[Source records]
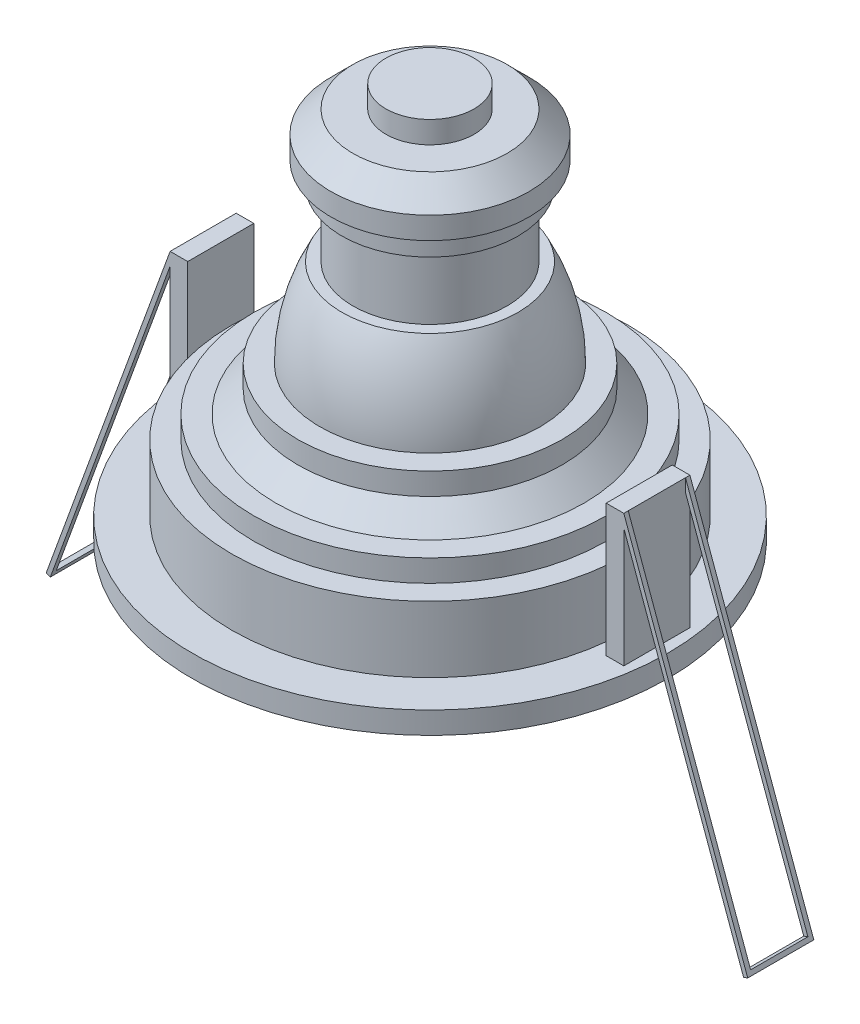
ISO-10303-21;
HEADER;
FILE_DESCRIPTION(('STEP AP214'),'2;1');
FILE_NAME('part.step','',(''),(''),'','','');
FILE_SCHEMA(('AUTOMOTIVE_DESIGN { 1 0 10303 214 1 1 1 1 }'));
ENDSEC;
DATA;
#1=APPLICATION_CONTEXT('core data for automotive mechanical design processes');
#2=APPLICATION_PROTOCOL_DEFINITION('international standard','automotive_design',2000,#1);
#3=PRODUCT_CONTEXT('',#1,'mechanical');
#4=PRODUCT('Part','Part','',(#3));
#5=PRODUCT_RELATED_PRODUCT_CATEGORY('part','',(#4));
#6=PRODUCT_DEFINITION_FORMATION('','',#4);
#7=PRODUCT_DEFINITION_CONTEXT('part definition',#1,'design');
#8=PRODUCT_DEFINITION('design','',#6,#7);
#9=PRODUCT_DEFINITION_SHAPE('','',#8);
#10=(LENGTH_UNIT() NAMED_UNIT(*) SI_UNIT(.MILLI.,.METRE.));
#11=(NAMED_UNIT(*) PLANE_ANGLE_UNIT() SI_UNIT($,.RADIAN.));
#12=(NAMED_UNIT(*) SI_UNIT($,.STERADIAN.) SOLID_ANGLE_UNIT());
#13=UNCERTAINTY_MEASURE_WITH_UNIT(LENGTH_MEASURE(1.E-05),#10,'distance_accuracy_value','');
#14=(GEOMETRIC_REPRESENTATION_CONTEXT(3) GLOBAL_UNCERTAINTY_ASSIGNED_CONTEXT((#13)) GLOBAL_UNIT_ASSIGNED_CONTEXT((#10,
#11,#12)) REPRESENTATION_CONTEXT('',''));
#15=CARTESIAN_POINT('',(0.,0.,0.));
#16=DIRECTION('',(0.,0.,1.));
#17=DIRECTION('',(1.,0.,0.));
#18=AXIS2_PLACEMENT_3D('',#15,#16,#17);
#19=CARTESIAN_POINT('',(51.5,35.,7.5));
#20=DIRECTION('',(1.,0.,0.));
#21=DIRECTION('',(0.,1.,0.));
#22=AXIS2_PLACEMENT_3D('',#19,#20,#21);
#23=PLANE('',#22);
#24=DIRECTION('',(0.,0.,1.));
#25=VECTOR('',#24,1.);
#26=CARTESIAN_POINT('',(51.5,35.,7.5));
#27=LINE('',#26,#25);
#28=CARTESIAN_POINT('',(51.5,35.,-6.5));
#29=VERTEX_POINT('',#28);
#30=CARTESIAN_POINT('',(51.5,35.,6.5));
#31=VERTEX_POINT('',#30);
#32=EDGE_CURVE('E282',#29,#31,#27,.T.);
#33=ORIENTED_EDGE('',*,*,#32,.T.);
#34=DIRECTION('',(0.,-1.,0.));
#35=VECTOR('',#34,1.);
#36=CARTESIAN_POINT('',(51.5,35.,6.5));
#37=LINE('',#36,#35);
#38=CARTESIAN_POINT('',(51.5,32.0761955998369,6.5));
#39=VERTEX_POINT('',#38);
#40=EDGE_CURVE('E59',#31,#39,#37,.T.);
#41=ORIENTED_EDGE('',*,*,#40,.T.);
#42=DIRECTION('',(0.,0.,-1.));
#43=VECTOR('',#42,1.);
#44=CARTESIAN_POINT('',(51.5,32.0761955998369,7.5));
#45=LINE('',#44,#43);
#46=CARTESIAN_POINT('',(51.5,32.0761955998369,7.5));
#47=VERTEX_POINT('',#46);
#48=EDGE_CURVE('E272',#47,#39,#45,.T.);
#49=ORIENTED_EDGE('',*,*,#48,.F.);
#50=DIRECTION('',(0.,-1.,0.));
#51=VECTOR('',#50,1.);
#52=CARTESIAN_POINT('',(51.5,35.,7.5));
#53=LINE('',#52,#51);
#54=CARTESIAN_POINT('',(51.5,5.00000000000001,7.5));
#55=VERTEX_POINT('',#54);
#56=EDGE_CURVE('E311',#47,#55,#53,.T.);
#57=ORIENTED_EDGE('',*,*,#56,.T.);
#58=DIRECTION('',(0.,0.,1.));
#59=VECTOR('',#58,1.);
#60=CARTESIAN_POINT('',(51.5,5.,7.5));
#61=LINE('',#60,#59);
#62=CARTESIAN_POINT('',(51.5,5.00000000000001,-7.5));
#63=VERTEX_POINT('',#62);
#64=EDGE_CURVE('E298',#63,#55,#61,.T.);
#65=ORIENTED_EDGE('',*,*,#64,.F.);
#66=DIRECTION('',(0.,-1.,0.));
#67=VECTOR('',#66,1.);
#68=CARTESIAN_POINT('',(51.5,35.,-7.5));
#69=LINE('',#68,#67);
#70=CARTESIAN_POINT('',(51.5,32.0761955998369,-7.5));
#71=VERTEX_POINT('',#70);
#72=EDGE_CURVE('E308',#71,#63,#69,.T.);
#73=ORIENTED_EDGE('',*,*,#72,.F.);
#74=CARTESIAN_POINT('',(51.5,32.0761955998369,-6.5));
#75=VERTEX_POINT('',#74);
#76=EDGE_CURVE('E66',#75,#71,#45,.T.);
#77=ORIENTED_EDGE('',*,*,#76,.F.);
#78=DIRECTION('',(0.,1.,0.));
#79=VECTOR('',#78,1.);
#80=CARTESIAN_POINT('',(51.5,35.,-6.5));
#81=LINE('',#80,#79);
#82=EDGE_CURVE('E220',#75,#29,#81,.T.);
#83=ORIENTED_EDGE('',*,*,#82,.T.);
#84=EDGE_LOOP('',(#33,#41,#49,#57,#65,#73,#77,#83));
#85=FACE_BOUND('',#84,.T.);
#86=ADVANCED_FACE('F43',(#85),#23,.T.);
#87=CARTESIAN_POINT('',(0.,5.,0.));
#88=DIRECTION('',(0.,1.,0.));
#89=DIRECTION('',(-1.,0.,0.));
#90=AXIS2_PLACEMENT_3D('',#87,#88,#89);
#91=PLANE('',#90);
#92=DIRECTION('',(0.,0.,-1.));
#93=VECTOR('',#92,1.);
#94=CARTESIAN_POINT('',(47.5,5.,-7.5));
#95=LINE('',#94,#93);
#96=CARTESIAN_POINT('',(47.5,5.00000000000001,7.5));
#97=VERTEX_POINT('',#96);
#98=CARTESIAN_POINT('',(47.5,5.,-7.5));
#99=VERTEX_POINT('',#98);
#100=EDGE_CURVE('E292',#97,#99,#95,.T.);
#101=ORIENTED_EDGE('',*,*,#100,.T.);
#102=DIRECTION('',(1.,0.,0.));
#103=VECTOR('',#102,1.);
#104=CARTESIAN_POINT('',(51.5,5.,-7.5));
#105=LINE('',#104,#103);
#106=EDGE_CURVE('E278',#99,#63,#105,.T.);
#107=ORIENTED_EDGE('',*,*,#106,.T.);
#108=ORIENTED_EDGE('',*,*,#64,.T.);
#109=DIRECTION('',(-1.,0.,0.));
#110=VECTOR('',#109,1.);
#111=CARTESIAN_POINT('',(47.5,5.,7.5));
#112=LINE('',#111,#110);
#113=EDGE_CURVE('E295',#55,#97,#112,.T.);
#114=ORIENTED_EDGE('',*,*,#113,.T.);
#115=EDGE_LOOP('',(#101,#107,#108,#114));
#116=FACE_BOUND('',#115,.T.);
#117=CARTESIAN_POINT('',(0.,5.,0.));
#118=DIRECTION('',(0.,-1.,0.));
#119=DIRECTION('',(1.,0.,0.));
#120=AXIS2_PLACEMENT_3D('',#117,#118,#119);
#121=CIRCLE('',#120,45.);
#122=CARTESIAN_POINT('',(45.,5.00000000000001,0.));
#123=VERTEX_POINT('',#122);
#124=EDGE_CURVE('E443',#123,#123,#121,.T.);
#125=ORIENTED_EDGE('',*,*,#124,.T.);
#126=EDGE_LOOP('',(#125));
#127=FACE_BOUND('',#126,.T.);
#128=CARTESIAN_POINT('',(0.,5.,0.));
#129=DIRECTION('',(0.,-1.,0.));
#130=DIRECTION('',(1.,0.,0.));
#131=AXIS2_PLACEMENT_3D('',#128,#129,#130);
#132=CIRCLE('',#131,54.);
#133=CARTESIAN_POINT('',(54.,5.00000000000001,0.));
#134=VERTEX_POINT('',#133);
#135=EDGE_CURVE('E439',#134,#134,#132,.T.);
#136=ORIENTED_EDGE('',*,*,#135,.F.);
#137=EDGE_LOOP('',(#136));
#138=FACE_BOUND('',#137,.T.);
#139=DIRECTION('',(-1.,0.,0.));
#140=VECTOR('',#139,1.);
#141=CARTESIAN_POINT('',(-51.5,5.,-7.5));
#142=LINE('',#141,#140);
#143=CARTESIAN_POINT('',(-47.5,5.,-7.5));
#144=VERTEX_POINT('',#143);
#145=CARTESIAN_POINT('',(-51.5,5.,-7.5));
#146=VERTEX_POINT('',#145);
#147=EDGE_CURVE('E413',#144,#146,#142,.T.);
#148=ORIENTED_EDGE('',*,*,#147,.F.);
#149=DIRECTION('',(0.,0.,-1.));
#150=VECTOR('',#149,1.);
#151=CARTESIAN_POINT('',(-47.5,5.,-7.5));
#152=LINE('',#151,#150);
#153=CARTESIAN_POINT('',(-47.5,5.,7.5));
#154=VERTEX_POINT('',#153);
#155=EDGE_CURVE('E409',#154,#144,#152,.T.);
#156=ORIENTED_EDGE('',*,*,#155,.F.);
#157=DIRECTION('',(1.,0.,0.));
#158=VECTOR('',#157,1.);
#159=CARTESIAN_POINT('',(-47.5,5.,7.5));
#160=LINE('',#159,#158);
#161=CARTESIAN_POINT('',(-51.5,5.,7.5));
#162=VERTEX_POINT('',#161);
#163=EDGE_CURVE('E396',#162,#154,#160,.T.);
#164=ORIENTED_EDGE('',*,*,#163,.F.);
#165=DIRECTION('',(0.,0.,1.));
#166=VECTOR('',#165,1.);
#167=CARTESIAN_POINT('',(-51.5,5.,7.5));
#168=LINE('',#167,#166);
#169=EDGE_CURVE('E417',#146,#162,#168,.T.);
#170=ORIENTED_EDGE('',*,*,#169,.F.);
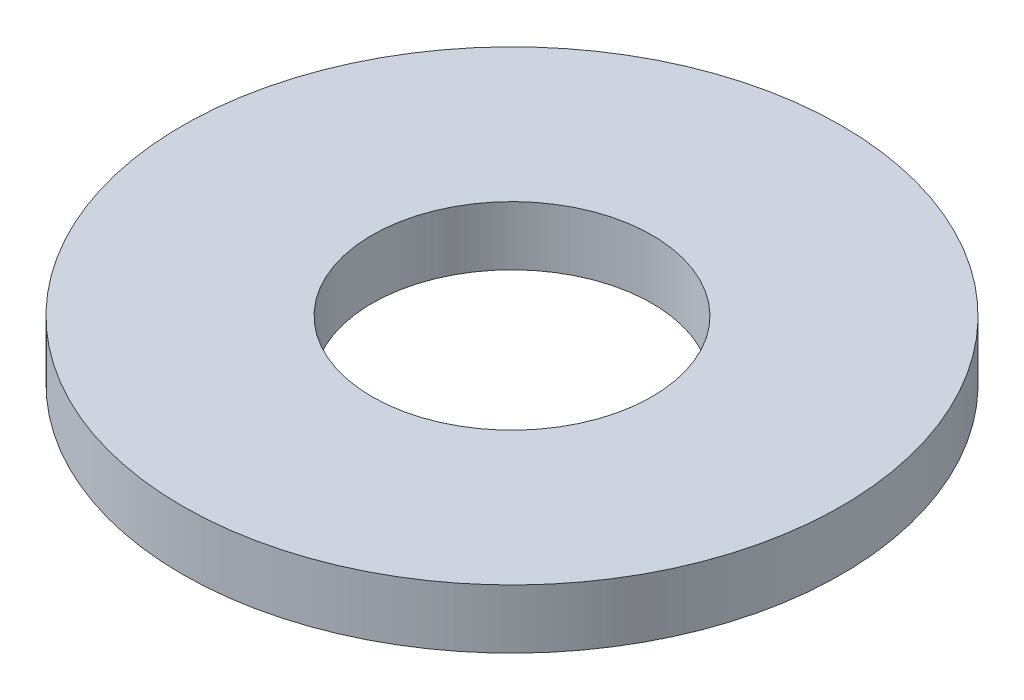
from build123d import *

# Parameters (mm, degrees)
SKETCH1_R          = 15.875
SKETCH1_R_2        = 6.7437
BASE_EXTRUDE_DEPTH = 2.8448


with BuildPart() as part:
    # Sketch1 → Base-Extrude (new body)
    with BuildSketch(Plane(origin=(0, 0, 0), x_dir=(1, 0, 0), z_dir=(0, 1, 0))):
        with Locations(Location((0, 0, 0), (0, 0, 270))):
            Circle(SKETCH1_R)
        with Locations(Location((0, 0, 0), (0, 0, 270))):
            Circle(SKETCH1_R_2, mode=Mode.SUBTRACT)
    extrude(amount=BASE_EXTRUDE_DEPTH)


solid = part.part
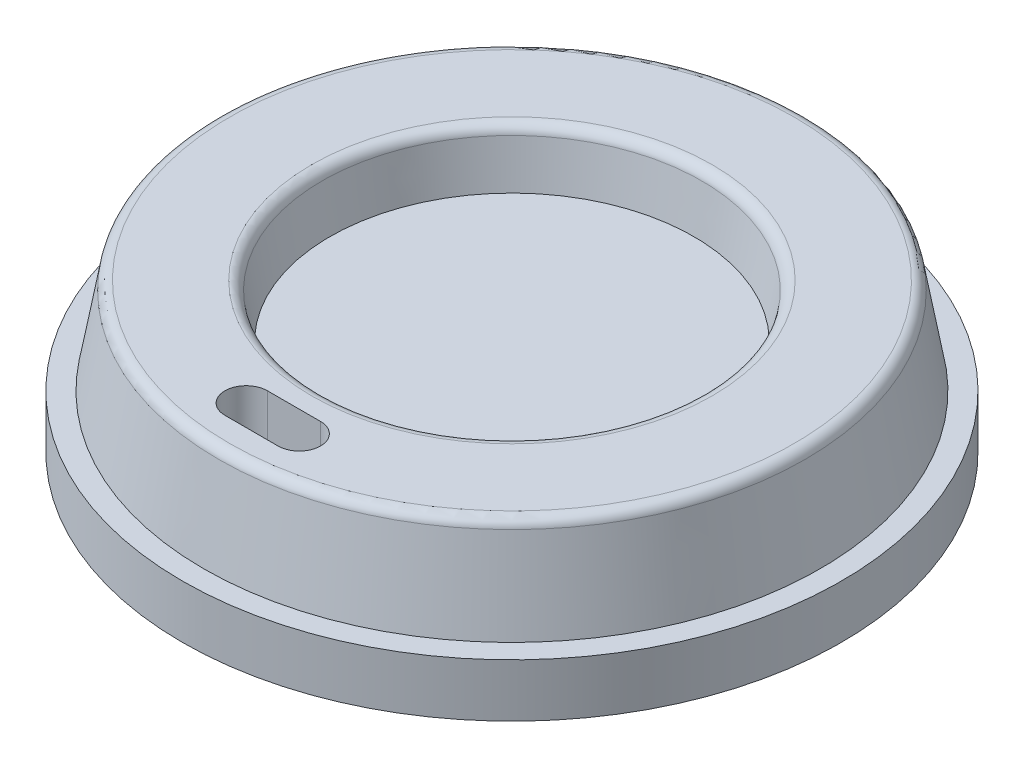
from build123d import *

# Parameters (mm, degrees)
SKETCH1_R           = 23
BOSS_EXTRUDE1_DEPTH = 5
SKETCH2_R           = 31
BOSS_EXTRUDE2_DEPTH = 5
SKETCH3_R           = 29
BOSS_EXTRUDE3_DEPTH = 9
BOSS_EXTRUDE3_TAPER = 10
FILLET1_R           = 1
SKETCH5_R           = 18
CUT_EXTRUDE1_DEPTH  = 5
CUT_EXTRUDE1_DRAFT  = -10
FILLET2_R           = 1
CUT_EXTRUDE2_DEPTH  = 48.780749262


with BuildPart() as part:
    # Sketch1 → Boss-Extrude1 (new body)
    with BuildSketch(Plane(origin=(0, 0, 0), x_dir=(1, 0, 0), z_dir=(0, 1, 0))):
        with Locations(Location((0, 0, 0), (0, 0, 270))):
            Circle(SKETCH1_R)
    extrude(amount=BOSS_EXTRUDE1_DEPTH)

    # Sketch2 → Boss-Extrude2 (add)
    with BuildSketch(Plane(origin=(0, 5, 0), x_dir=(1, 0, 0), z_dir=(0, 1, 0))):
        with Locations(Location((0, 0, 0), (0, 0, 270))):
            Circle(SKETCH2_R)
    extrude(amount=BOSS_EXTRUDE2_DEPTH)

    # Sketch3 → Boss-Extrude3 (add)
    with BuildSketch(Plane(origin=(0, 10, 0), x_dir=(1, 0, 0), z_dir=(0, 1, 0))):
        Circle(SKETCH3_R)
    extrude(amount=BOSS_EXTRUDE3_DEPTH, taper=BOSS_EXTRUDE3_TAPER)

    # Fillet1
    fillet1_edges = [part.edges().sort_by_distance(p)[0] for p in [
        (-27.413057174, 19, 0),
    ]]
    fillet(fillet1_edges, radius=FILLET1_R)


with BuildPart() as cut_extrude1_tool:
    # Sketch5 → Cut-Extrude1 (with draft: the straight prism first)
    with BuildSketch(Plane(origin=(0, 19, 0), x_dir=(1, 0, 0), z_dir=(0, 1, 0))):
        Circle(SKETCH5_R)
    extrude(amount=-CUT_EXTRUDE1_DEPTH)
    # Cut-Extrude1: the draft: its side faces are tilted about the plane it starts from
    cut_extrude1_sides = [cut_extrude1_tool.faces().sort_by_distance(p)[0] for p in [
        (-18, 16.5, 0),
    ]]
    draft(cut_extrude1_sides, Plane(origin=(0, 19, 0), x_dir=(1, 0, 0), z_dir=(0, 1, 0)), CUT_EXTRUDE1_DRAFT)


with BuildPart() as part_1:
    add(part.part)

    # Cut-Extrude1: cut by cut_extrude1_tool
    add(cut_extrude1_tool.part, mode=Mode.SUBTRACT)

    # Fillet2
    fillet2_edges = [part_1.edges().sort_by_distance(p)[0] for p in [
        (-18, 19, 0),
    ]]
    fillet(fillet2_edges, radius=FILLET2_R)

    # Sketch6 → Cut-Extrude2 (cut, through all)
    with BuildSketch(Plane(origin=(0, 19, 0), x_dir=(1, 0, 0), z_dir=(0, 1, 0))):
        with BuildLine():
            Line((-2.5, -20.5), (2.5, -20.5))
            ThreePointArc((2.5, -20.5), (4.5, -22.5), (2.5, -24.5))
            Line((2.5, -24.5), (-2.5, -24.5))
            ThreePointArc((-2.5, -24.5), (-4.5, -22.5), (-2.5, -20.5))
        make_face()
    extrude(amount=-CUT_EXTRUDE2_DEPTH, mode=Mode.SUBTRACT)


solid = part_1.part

### Task description
How many lines in the entries include the string "ThreePointArc"? Answer with the number alone.

### Expected answer
2